Sisters in and out of love.
Meghann Dontess is a high-powered matrimonial lawyer in Seattle who prefers sex with strangers to emotional intimacy: a strategy bound to backfire sooner or later, warns her tough-talking shrink. It’s advice Meghann decides to ignore, along with the memories of her difficult childhood, neglectful mother, and younger sister. Though she managed to reunite Claire with Sam Cavenaugh (her father but not Meghann’s) when her mother abandoned both girls long ago, Meghann still feels guilty that her sister’s life doesn’t measure up, at least on her terms. Never married, Claire ekes out a living running a country campground with her dad and is raising her six-year-old daughter on her own. When she falls in love for the first time with an up-and-coming country musician, Meghann is appalled: Bobby Austin is a three-time loser at marriage—how on earth can Claire be so blind? Bobby’s blunt explanation doesn’t exactly satisfy the concerned big sister, who busies herself planning Claire’s dream wedding anyway.
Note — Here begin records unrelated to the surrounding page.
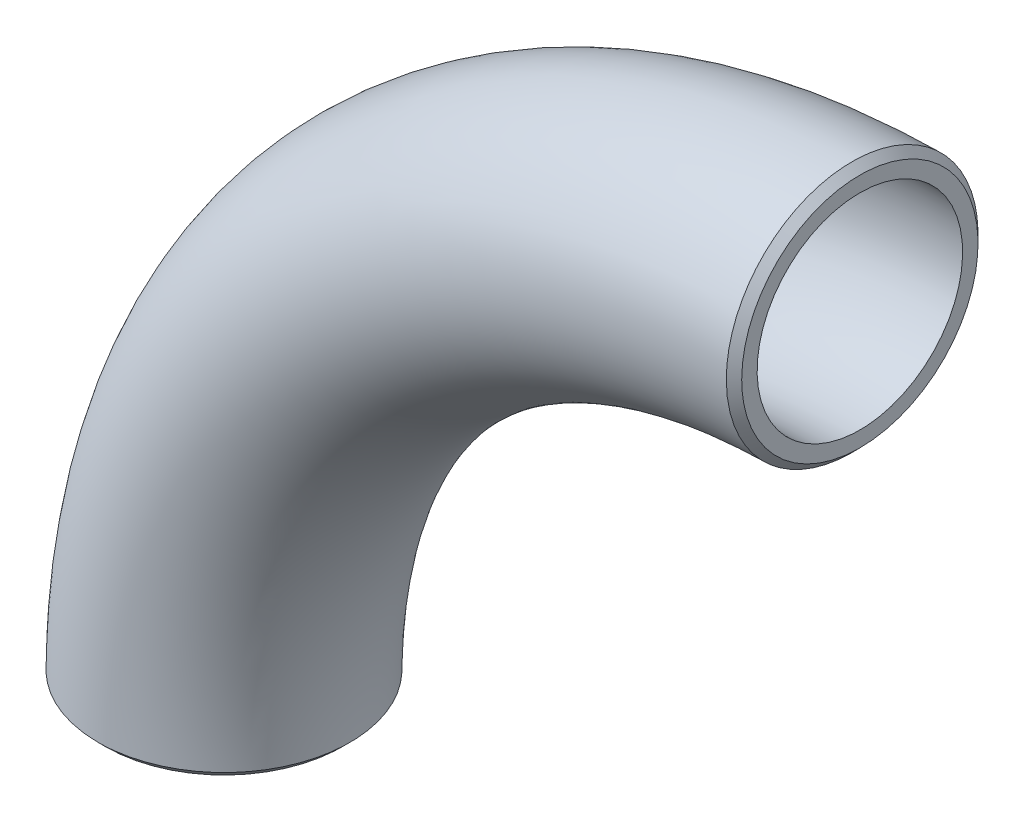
ISO-10303-21;
HEADER;
FILE_DESCRIPTION(('STEP AP214'),'2;1');
FILE_NAME('part.step','',(''),(''),'','','');
FILE_SCHEMA(('AUTOMOTIVE_DESIGN { 1 0 10303 214 1 1 1 1 }'));
ENDSEC;
DATA;
#1=APPLICATION_CONTEXT('core data for automotive mechanical design processes');
#2=APPLICATION_PROTOCOL_DEFINITION('international standard','automotive_design',2000,#1);
#3=PRODUCT_CONTEXT('',#1,'mechanical');
#4=PRODUCT('Part','Part','',(#3));
#5=PRODUCT_RELATED_PRODUCT_CATEGORY('part','',(#4));
#6=PRODUCT_DEFINITION_FORMATION('','',#4);
#7=PRODUCT_DEFINITION_CONTEXT('part definition',#1,'design');
#8=PRODUCT_DEFINITION('design','',#6,#7);
#9=PRODUCT_DEFINITION_SHAPE('','',#8);
#10=(LENGTH_UNIT() NAMED_UNIT(*) SI_UNIT(.MILLI.,.METRE.));
#11=(NAMED_UNIT(*) PLANE_ANGLE_UNIT() SI_UNIT($,.RADIAN.));
#12=(NAMED_UNIT(*) SI_UNIT($,.STERADIAN.) SOLID_ANGLE_UNIT());
#13=UNCERTAINTY_MEASURE_WITH_UNIT(LENGTH_MEASURE(1.E-05),#10,'distance_accuracy_value','');
#14=(GEOMETRIC_REPRESENTATION_CONTEXT(3) GLOBAL_UNCERTAINTY_ASSIGNED_CONTEXT((#13)) GLOBAL_UNIT_ASSIGNED_CONTEXT((#10,
#11,#12)) REPRESENTATION_CONTEXT('',''));
#15=CARTESIAN_POINT('',(0.,0.,0.));
#16=DIRECTION('',(0.,0.,1.));
#17=DIRECTION('',(1.,0.,0.));
#18=AXIS2_PLACEMENT_3D('',#15,#16,#17);
#19=CARTESIAN_POINT('',(0.,0.,0.));
#20=DIRECTION('',(0.,0.,1.));
#21=DIRECTION('',(1.,0.,0.));
#22=AXIS2_PLACEMENT_3D('',#19,#20,#21);
#23=TOROIDAL_SURFACE('',#22,152.4,30.1625);
#24=CARTESIAN_POINT('',(-152.400728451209,1.84574215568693,30.1624976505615));
#25=CARTESIAN_POINT('',(-152.910105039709,1.84611962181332,30.1624587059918));
#26=CARTESIAN_POINT('',(-153.41944974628,1.84649341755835,30.1492429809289));
#27=CARTESIAN_POINT('',(-154.439427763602,1.84723505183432,30.0968505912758));
#28=CARTESIAN_POINT('',(-154.950054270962,1.84760284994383,30.0575410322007));
#29=CARTESIAN_POINT('',(-155.968720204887,1.84833000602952,29.9533614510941));
#30=CARTESIAN_POINT('',(-156.476759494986,1.84868936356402,29.8884900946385));
#31=CARTESIAN_POINT('',(-157.486333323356,1.84939699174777,29.7330906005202));
#32=CARTESIAN_POINT('',(-157.987887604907,1.84974530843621,29.642690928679));
#33=CARTESIAN_POINT('',(-158.983411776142,1.85043057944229,29.4370956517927));
#34=CARTESIAN_POINT('',(-159.477406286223,1.85076757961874,29.322019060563));
#35=CARTESIAN_POINT('',(-160.458732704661,1.85143137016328,29.0673270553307));
#36=CARTESIAN_POINT('',(-160.946068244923,1.85175816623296,28.9277256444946));
#37=CARTESIAN_POINT('',(-161.914209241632,1.85240195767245,28.6236350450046));
#38=CARTESIAN_POINT('',(-162.394996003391,1.85271892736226,28.4590863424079));
#39=CARTESIAN_POINT('',(-163.350190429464,1.85334355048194,28.1051216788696));
#40=CARTESIAN_POINT('',(-163.824551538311,1.85365114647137,27.915580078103));
#41=CARTESIAN_POINT('',(-164.764056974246,1.85425549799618,27.5120408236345));
#42=CARTESIAN_POINT('',(-165.229177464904,1.85455222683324,27.2979876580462));
#43=CARTESIAN_POINT('',(-166.147407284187,1.85513353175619,26.8468151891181));
#44=CARTESIAN_POINT('',(-166.600530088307,1.85541812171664,26.6097232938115));
#45=CARTESIAN_POINT('',(-167.492741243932,1.85597435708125,26.1137841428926));
#46=CARTESIAN_POINT('',(-167.931871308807,1.85624604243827,25.8550119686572));
#47=CARTESIAN_POINT('',(-168.794179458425,1.85677571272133,25.3166643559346));
#48=CARTESIAN_POINT('',(-169.217425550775,1.85703375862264,25.0371978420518));
#49=CARTESIAN_POINT('',(-170.049448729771,1.85753760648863,24.45736205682));
#50=CARTESIAN_POINT('',(-170.458223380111,1.85778340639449,24.1569892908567));
#51=CARTESIAN_POINT('',(-171.261359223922,1.85826321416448,23.5350814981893));
#52=CARTESIAN_POINT('',(-171.655672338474,1.85849718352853,23.2134843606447));
#53=CARTESIAN_POINT('',(-172.429281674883,1.8589533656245,22.54918031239));
#54=CARTESIAN_POINT('',(-172.808499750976,1.85917551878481,22.2063823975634));
#55=CARTESIAN_POINT('',(-173.550643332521,1.85960771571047,21.5004440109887));
#56=CARTESIAN_POINT('',(-173.913491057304,1.8598177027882,21.1372217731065));
#57=CARTESIAN_POINT('',(-174.618343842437,1.86022336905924,20.3947196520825));
#58=CARTESIAN_POINT('',(-174.960448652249,1.86041911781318,20.0155344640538));
#59=CARTESIAN_POINT('',(-175.623258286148,1.86079637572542,19.2421301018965));
#60=CARTESIAN_POINT('',(-175.9440600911,1.86097795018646,18.8479940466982));
#61=CARTESIAN_POINT('',(-176.564524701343,1.8613274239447,18.0451081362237));
#62=CARTESIAN_POINT('',(-176.864241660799,1.86149535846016,17.6364001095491));
#63=CARTESIAN_POINT('',(-177.443162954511,1.86181832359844,16.8041438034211));
#64=CARTESIAN_POINT('',(-177.722348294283,1.86197334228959,16.3805823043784));
#65=CARTESIAN_POINT('',(-178.260279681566,1.86227080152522,15.5171883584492));
#66=CARTESIAN_POINT('',(-178.518895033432,1.8624131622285,15.0772744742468));
#67=CARTESIAN_POINT('',(-179.014465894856,1.86268493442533,14.1836138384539));
#68=CARTESIAN_POINT('',(-179.251350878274,1.8628143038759,13.7298280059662));
#69=CARTESIAN_POINT('',(-179.70176160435,1.86305944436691,12.8109291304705));
#70=CARTESIAN_POINT('',(-179.915292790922,1.86317521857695,12.3458187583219));
#71=CARTESIAN_POINT('',(-180.317423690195,1.8633926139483,11.4069896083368));
#72=CARTESIAN_POINT('',(-180.506113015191,1.86349428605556,10.9333091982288));
#73=CARTESIAN_POINT('',(-180.858688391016,1.86368378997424,9.97910343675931));
#74=CARTESIAN_POINT('',(-181.02267680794,1.86377167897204,9.4986159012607));
#75=CARTESIAN_POINT('',(-181.325848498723,1.8639337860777,8.53059486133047));
#76=CARTESIAN_POINT('',(-181.465065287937,1.86400802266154,8.04307185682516));
#77=CARTESIAN_POINT('',(-181.719077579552,1.86414321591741,7.06085979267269));
#78=CARTESIAN_POINT('',(-181.83383284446,1.86420415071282,6.56616033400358));
#79=CARTESIAN_POINT('',(-182.038719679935,1.86431282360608,5.56918199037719));
#80=CARTESIAN_POINT('',(-182.128729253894,1.86436049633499,5.06687799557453));
#81=CARTESIAN_POINT('',(-182.283208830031,1.8644422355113,4.05641706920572));
#82=CARTESIAN_POINT('',(-182.347580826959,1.86447624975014,3.5482451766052));
#83=CARTESIAN_POINT('',(-182.450706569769,1.86453069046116,2.52972996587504));
#84=CARTESIAN_POINT('',(-182.489481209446,1.86455112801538,2.01938876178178));
#85=CARTESIAN_POINT('',(-182.54071732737,1.86457811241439,1.00016988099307));
#86=CARTESIAN_POINT('',(-182.553321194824,1.86458473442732,0.491299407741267));
#87=CARTESIAN_POINT('',(-182.552625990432,1.86458436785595,-0.523993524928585));
#88=CARTESIAN_POINT('',(-182.539449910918,1.86457744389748,-1.03041610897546));
#89=CARTESIAN_POINT('',(-182.487851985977,1.86455026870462,-2.04239728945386));
#90=CARTESIAN_POINT('',(-182.449409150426,1.86453000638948,-2.54795481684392));
#91=CARTESIAN_POINT('',(-182.346754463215,1.8644758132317,-3.55829805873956));
#92=CARTESIAN_POINT('',(-182.282449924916,1.86444183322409,-4.063074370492));
#93=CARTESIAN_POINT('',(-182.127910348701,1.8643600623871,-5.07192122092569));
#94=CARTESIAN_POINT('',(-182.037513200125,1.86431218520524,-5.57596691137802));
#95=CARTESIAN_POINT('',(-181.831123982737,1.86420271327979,-6.57912668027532));
#96=CARTESIAN_POINT('',(-181.715115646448,1.86414110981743,-7.07823741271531));
#97=CARTESIAN_POINT('',(-181.45829344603,1.8640044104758,-8.0680291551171));
#98=CARTESIAN_POINT('',(-181.317574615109,1.86392936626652,-8.5587348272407));
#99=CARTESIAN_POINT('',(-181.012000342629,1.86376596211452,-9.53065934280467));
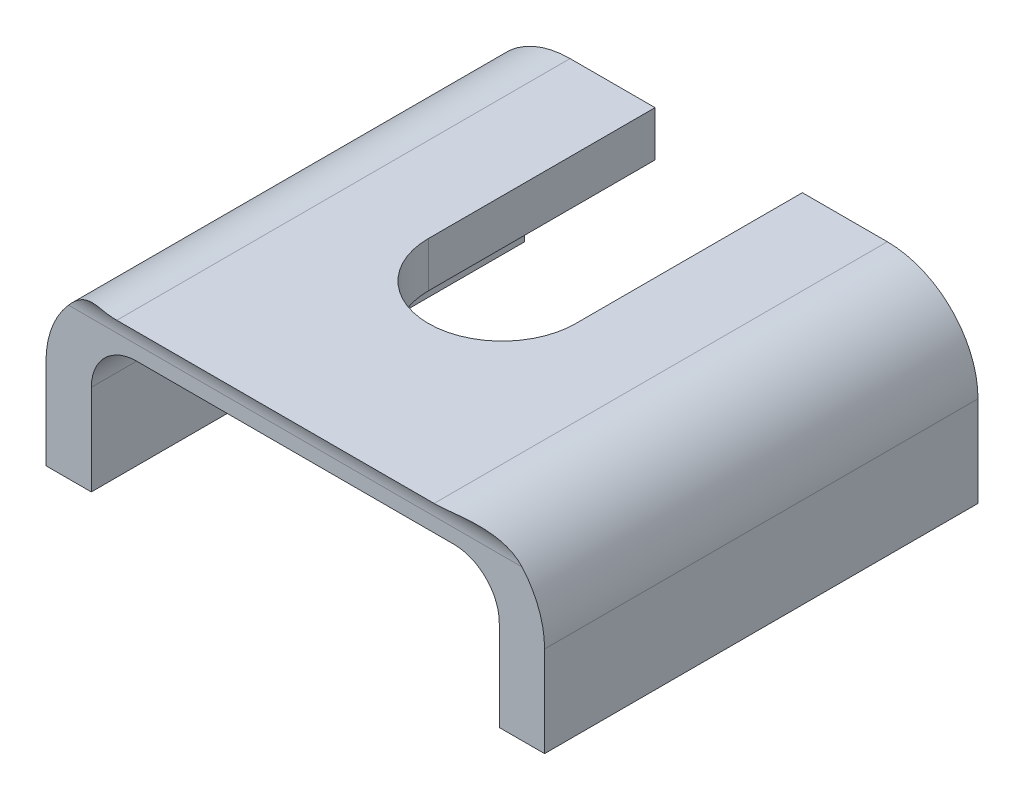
ISO-10303-21;
HEADER;
FILE_DESCRIPTION(('STEP AP214'),'2;1');
FILE_NAME('part.step','',(''),(''),'','','');
FILE_SCHEMA(('AUTOMOTIVE_DESIGN { 1 0 10303 214 1 1 1 1 }'));
ENDSEC;
DATA;
#1=APPLICATION_CONTEXT('core data for automotive mechanical design processes');
#2=APPLICATION_PROTOCOL_DEFINITION('international standard','automotive_design',2000,#1);
#3=PRODUCT_CONTEXT('',#1,'mechanical');
#4=PRODUCT('Part','Part','',(#3));
#5=PRODUCT_RELATED_PRODUCT_CATEGORY('part','',(#4));
#6=PRODUCT_DEFINITION_FORMATION('','',#4);
#7=PRODUCT_DEFINITION_CONTEXT('part definition',#1,'design');
#8=PRODUCT_DEFINITION('design','',#6,#7);
#9=PRODUCT_DEFINITION_SHAPE('','',#8);
#10=(LENGTH_UNIT() NAMED_UNIT(*) SI_UNIT(.MILLI.,.METRE.));
#11=(NAMED_UNIT(*) PLANE_ANGLE_UNIT() SI_UNIT($,.RADIAN.));
#12=(NAMED_UNIT(*) SI_UNIT($,.STERADIAN.) SOLID_ANGLE_UNIT());
#13=UNCERTAINTY_MEASURE_WITH_UNIT(LENGTH_MEASURE(1.E-05),#10,'distance_accuracy_value','');
#14=(GEOMETRIC_REPRESENTATION_CONTEXT(3) GLOBAL_UNCERTAINTY_ASSIGNED_CONTEXT((#13)) GLOBAL_UNIT_ASSIGNED_CONTEXT((#10,
#11,#12)) REPRESENTATION_CONTEXT('',''));
#15=CARTESIAN_POINT('',(0.,0.,0.));
#16=DIRECTION('',(0.,0.,1.));
#17=DIRECTION('',(1.,0.,0.));
#18=AXIS2_PLACEMENT_3D('',#15,#16,#17);
#19=CARTESIAN_POINT('',(187.879071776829,-19.05,60.721875));
#20=DIRECTION('',(0.,0.,1.));
#21=DIRECTION('',(1.,0.,0.));
#22=AXIS2_PLACEMENT_3D('',#19,#20,#21);
#23=PLANE('',#22);
#24=DIRECTION('',(0.,-1.,0.));
#25=VECTOR('',#24,1.);
#26=CARTESIAN_POINT('',(-28.575,0.,60.721875));
#27=LINE('',#26,#25);
#28=CARTESIAN_POINT('',(-28.575,-6.35,60.721875));
#29=VERTEX_POINT('',#28);
#30=CARTESIAN_POINT('',(-28.575,-19.05,60.721875));
#31=VERTEX_POINT('',#30);
#32=EDGE_CURVE('E59',#29,#31,#27,.T.);
#33=ORIENTED_EDGE('',*,*,#32,.F.);
#34=CARTESIAN_POINT('',(-22.225,-6.35,60.721875));
#35=DIRECTION('',(0.,0.,1.));
#36=DIRECTION('',(1.,0.,0.));
#37=AXIS2_PLACEMENT_3D('',#34,#35,#36);
#38=CIRCLE('',#37,6.35);
#39=CARTESIAN_POINT('',(-22.225,0.,60.721875));
#40=VERTEX_POINT('',#39);
#41=EDGE_CURVE('E570',#40,#29,#38,.T.);
#42=ORIENTED_EDGE('',*,*,#41,.F.);
#43=DIRECTION('',(-1.,0.,0.));
#44=VECTOR('',#43,1.);
#45=CARTESIAN_POINT('',(-28.575,0.,60.721875));
#46=LINE('',#45,#44);
#47=CARTESIAN_POINT('',(22.225,0.,60.721875));
#48=VERTEX_POINT('',#47);
#49=EDGE_CURVE('E572',#48,#40,#46,.T.);
#50=ORIENTED_EDGE('',*,*,#49,.F.);
#51=CARTESIAN_POINT('',(22.225,-6.35,60.721875));
#52=DIRECTION('',(0.,0.,1.));
#53=DIRECTION('',(1.,0.,0.));
#54=AXIS2_PLACEMENT_3D('',#51,#52,#53);
#55=CIRCLE('',#54,6.35);
#56=CARTESIAN_POINT('',(28.575,-6.35,60.721875));
#57=VERTEX_POINT('',#56);
#58=EDGE_CURVE('E576',#57,#48,#55,.T.);
#59=ORIENTED_EDGE('',*,*,#58,.F.);
#60=DIRECTION('',(0.,1.,0.));
#61=VECTOR('',#60,1.);
#62=CARTESIAN_POINT('',(28.575,0.,60.721875));
#63=LINE('',#62,#61);
#64=CARTESIAN_POINT('',(28.575,-19.05,60.721875));
#65=VERTEX_POINT('',#64);
#66=EDGE_CURVE('E585',#65,#57,#63,.T.);
#67=ORIENTED_EDGE('',*,*,#66,.F.);
#68=DIRECTION('',(-1.,0.,0.));
#69=VECTOR('',#68,1.);
#70=CARTESIAN_POINT('',(187.879071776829,-19.05,60.721875));
#71=LINE('',#70,#69);
#72=CARTESIAN_POINT('',(34.925,-19.05,60.721875));
#73=VERTEX_POINT('',#72);
#74=EDGE_CURVE('E177',#73,#65,#71,.T.);
#75=ORIENTED_EDGE('',*,*,#74,.F.);
#76=DIRECTION('',(0.,1.,0.));
#77=VECTOR('',#76,1.);
#78=CARTESIAN_POINT('',(34.925,0.,60.721875));
#79=LINE('',#78,#77);
#80=CARTESIAN_POINT('',(34.925,-6.34999999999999,60.721875));
#81=VERTEX_POINT('',#80);
#82=EDGE_CURVE('E584',#73,#81,#79,.T.);
#83=ORIENTED_EDGE('',*,*,#82,.T.);
#84=CARTESIAN_POINT('',(22.225,-6.35,60.721875));
#85=DIRECTION('',(0.,0.,1.));
#86=DIRECTION('',(1.,0.,0.));
#87=AXIS2_PLACEMENT_3D('',#84,#85,#86);
#88=CIRCLE('',#87,12.7);
#89=CARTESIAN_POINT('',(31.7760718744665,2.02060487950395,60.721875));
#90=VERTEX_POINT('',#89);
#91=EDGE_CURVE('E175',#81,#90,#88,.T.);
#92=ORIENTED_EDGE('',*,*,#91,.T.);
#93=DIRECTION('',(-1.,0.,0.));
#94=VECTOR('',#93,1.);
#95=CARTESIAN_POINT('',(187.879071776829,2.02060487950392,60.721875));
#96=LINE('',#95,#94);
#97=CARTESIAN_POINT('',(-31.7760718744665,2.02060487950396,60.721875));
#98=VERTEX_POINT('',#97);
#99=EDGE_CURVE('E169',#90,#98,#96,.T.);
#100=ORIENTED_EDGE('',*,*,#99,.T.);
#101=CARTESIAN_POINT('',(-22.225,-6.35,60.721875));
#102=DIRECTION('',(0.,0.,1.));
#103=DIRECTION('',(1.,0.,0.));
#104=AXIS2_PLACEMENT_3D('',#101,#102,#103);
#105=CIRCLE('',#104,12.7);
#106=CARTESIAN_POINT('',(-34.925,-6.35,60.721875));
#107=VERTEX_POINT('',#106);
#108=EDGE_CURVE('E11',#98,#107,#105,.T.);
#109=ORIENTED_EDGE('',*,*,#108,.T.);
#110=DIRECTION('',(0.,-1.,0.));
#111=VECTOR('',#110,1.);
#112=CARTESIAN_POINT('',(-34.925,0.,60.721875));
#113=LINE('',#112,#111);
#114=CARTESIAN_POINT('',(-34.925,-19.05,60.721875));
#115=VERTEX_POINT('',#114);
#116=EDGE_CURVE('E187',#107,#115,#113,.T.);
#117=ORIENTED_EDGE('',*,*,#116,.T.);
#118=EDGE_CURVE('E51',#31,#115,#71,.T.);
#119=ORIENTED_EDGE('',*,*,#118,.F.);
#120=EDGE_LOOP('',(#33,#42,#50,#59,#67,#75,#83,#92,#100,#109,#117,#119));
#121=FACE_BOUND('',#120,.T.);
#122=ADVANCED_FACE('F36',(#121),#23,.T.);
#123=CARTESIAN_POINT('',(187.879071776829,2.02060487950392,65.484375));
#124=DIRECTION('',(-1.,0.,0.));
#125=DIRECTION('',(0.,-1.,0.));
#126=AXIS2_PLACEMENT_3D('',#123,#124,#125);
#127=CYLINDRICAL_SURFACE('',#126,4.76250000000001);
#128=ORIENTED_EDGE('',*,*,#99,.F.);
#129=CARTESIAN_POINT('',(31.7760718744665,2.02060487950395,60.721875));
#130=CARTESIAN_POINT('',(31.6424498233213,2.17310917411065,60.7218945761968));
#131=CARTESIAN_POINT('',(31.5052236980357,2.32228408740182,60.7291966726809));
#132=CARTESIAN_POINT('',(31.2246195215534,2.61311589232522,60.7566187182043));
#133=CARTESIAN_POINT('',(31.0812504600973,2.75478313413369,60.7767204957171));
#134=CARTESIAN_POINT('',(30.7904475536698,3.0288431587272,60.8277563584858));
#135=CARTESIAN_POINT('',(30.6430664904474,3.16131244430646,60.8585837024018));
#136=CARTESIAN_POINT('',(30.3435491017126,3.418219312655,60.9296136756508));
#137=CARTESIAN_POINT('',(30.1914104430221,3.54265285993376,60.9698209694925));
#138=CARTESIAN_POINT('',(29.786003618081,3.85895205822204,61.0860239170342));
#139=CARTESIAN_POINT('',(29.5292967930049,4.04402171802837,61.1686261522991));
#140=CARTESIAN_POINT('',(29.0067926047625,4.39225244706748,61.3497372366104));
#141=CARTESIAN_POINT('',(28.7409909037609,4.55540287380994,61.4482537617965));
#142=CARTESIAN_POINT('',(28.1992597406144,4.86141529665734,61.6573886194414));
#143=CARTESIAN_POINT('',(27.9232628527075,5.00409080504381,61.7681037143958));
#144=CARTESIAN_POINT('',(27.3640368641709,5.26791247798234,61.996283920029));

And, to relieve the stress, she beds various guys she picks up in bars, including Dr. Joe Wyatt, a neurosurgeon turned homeless drifter after the demise of his beloved wife Diane (whom he euthanized). When Claire’s awful headache turns out to be a kind of brain tumor known among neurologists as a “terminator,” Joe rallies. Turns out that Claire had befriended his wife on her deathbed, and now in turn he must try to save her. Is it too late? Will Meghann find true love at last?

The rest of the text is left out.